其々の人生に関わる桜木紫乃らしい連作長編。
最後はリンとその子たちで繋がっている。
何度も込み上げる感情で、最高に面白い。
Posted by ブクログ
連作短篇集。「十六夜」と「ワンダフル・ライフ」が好き。犬じゃない方のすばるは結局みつからないままだろうか?どうなったか気になる。短編を読み進めるごとに、美和の人物像がどんどん人間臭くなっている気がする。
余命が短いとわかった時側にいて欲しい誰かがいることだけでも幸せだと思う。生まれた子犬を託すことで託した相手に幸せでいることを約束させる行為はエゴなんだけど、愛を感じる。
Posted by ブクログ
桜木紫乃作品にしては暗い重い気持ちにならずに、読後はあったかい気持ちになった。
短編だけど登場人物がみんな繋がっているタイプで、そこは桜木紫乃さんらしいなぁと。
「おでん」の終わり方は、ああこれ店長の自信のなさ、自分が傷つきたくないから押せないってことでしょ?ってがっかりしたのに、最後に夫婦になっててウルッとした。

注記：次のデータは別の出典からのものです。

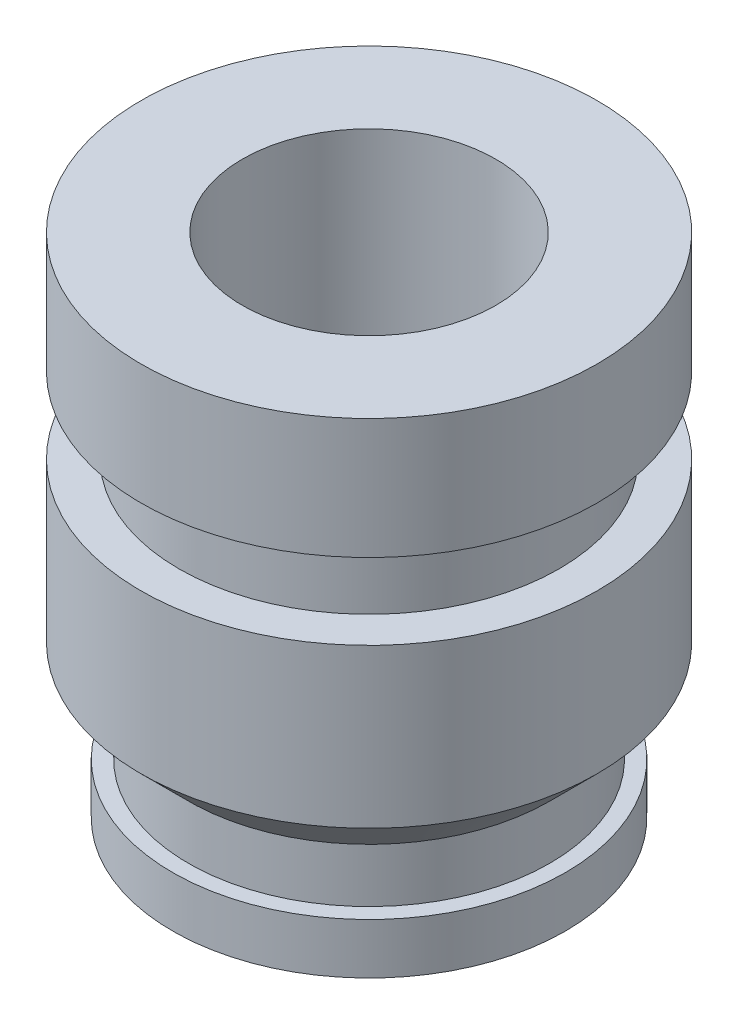
from build123d import *


with BuildPart() as part:
    # Sketch1 → Revolve1 (revolve)
    with BuildSketch(Plane.XY):
        Polygon((1, 0), (1, 4), (1.8, 4), (1.8, 3.05), (1.5, 3.05), (1.5, 2.45), (1.8, 2.45), (1.8, 1.2), (1.425, 0.825), (1.425, 0.4), (1.55, 0.4), (1.55, 0), align=None)
    revolve(axis=Axis((0, -1000, 0), (0, 1, 0)))


solid = part.part
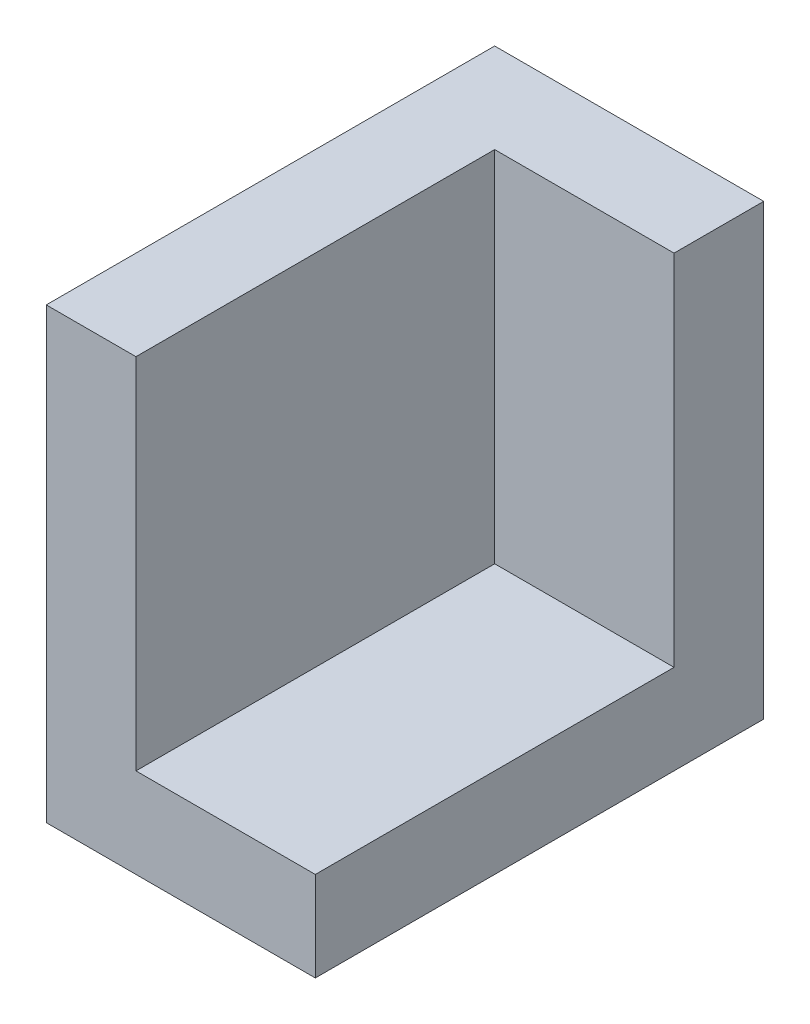
from build123d import *

# Parameters (mm, degrees)
BOSS_EXTRUDE1_DEPTH = 10
SKETCH2_W           = 25
SKETCH2_H           = 25
BOSS_EXTRUDE2_DEPTH = 5


with BuildPart() as part:
    # Sketch1 → Boss-Extrude1 (new body)
    with BuildSketch(Plane(origin=(0, 0, 0), x_dir=(0, 0, -1), z_dir=(1, 0, 0))):
        Polygon((0, 0), (0, 20), (5, 20), (5, -5), (-20, -5), (-20, 0), align=None)
    extrude(amount=BOSS_EXTRUDE1_DEPTH)

    # Sketch2 → Boss-Extrude2 (add)
    with BuildSketch(Plane(origin=(0, 0, 0), x_dir=(0, 0, -1), z_dir=(1, 0, 0))):
        with Locations((-7.5, 7.5)):
            Rectangle(SKETCH2_W, SKETCH2_H)
    extrude(amount=-BOSS_EXTRUDE2_DEPTH)


solid = part.part

赤沢さんに会う時になぜか結婚指輪をしちゃう寿美子の気持ちはわからなかったけど、それを会った途端に絆創膏で隠しちゃうとことか、赤沢さんががっかりしちゃうとこ、否定しないとこに胸が苦しくなった。こちらも最後幸せでよかった…。
登場人物の関係性を書き出して整理したいな。笑
Posted by ブクログ
・「子犬を飼いませんか。ラッキーカラーの赤じゃなく、白衣の白なんですけれど」 子犬、と語尾を上げたきり赤沢が黙り込んだ。寿美子はどこから説明しようかと考えあぐね、ひとまず「できれば一緒に」と付け足した。赤沢が大きく息を吸い込む気配。さぁ何から説明しよう。何と言ってこの男を手に入れよう。 里親の条件どおり、幸せになる。決めた。 いい夢は、これからだ──。
・柿崎美和医師
「鈴音はわたしよりもあんたよりも長生きする。わたしがさせる」
・柿崎美和医師
あなたに支えてほしいのは、彼女の気力です。志田さんが支えてくださらなければ、どんな治療も効果が出ない。
・解説
ここには、死ぬということ、生きるということ、愛するということ、友達とつながるということ、そのすべてがある。これ以上の余計な注釈は無用だろう。あとは黙って読まれたい。
最後はみんな仲良く集まって里親会BBQ。
病気も治ってくっつくもの同士はくっついて
死をテーマにしてた本だったけどわたし的には
ハッピーエンドでした。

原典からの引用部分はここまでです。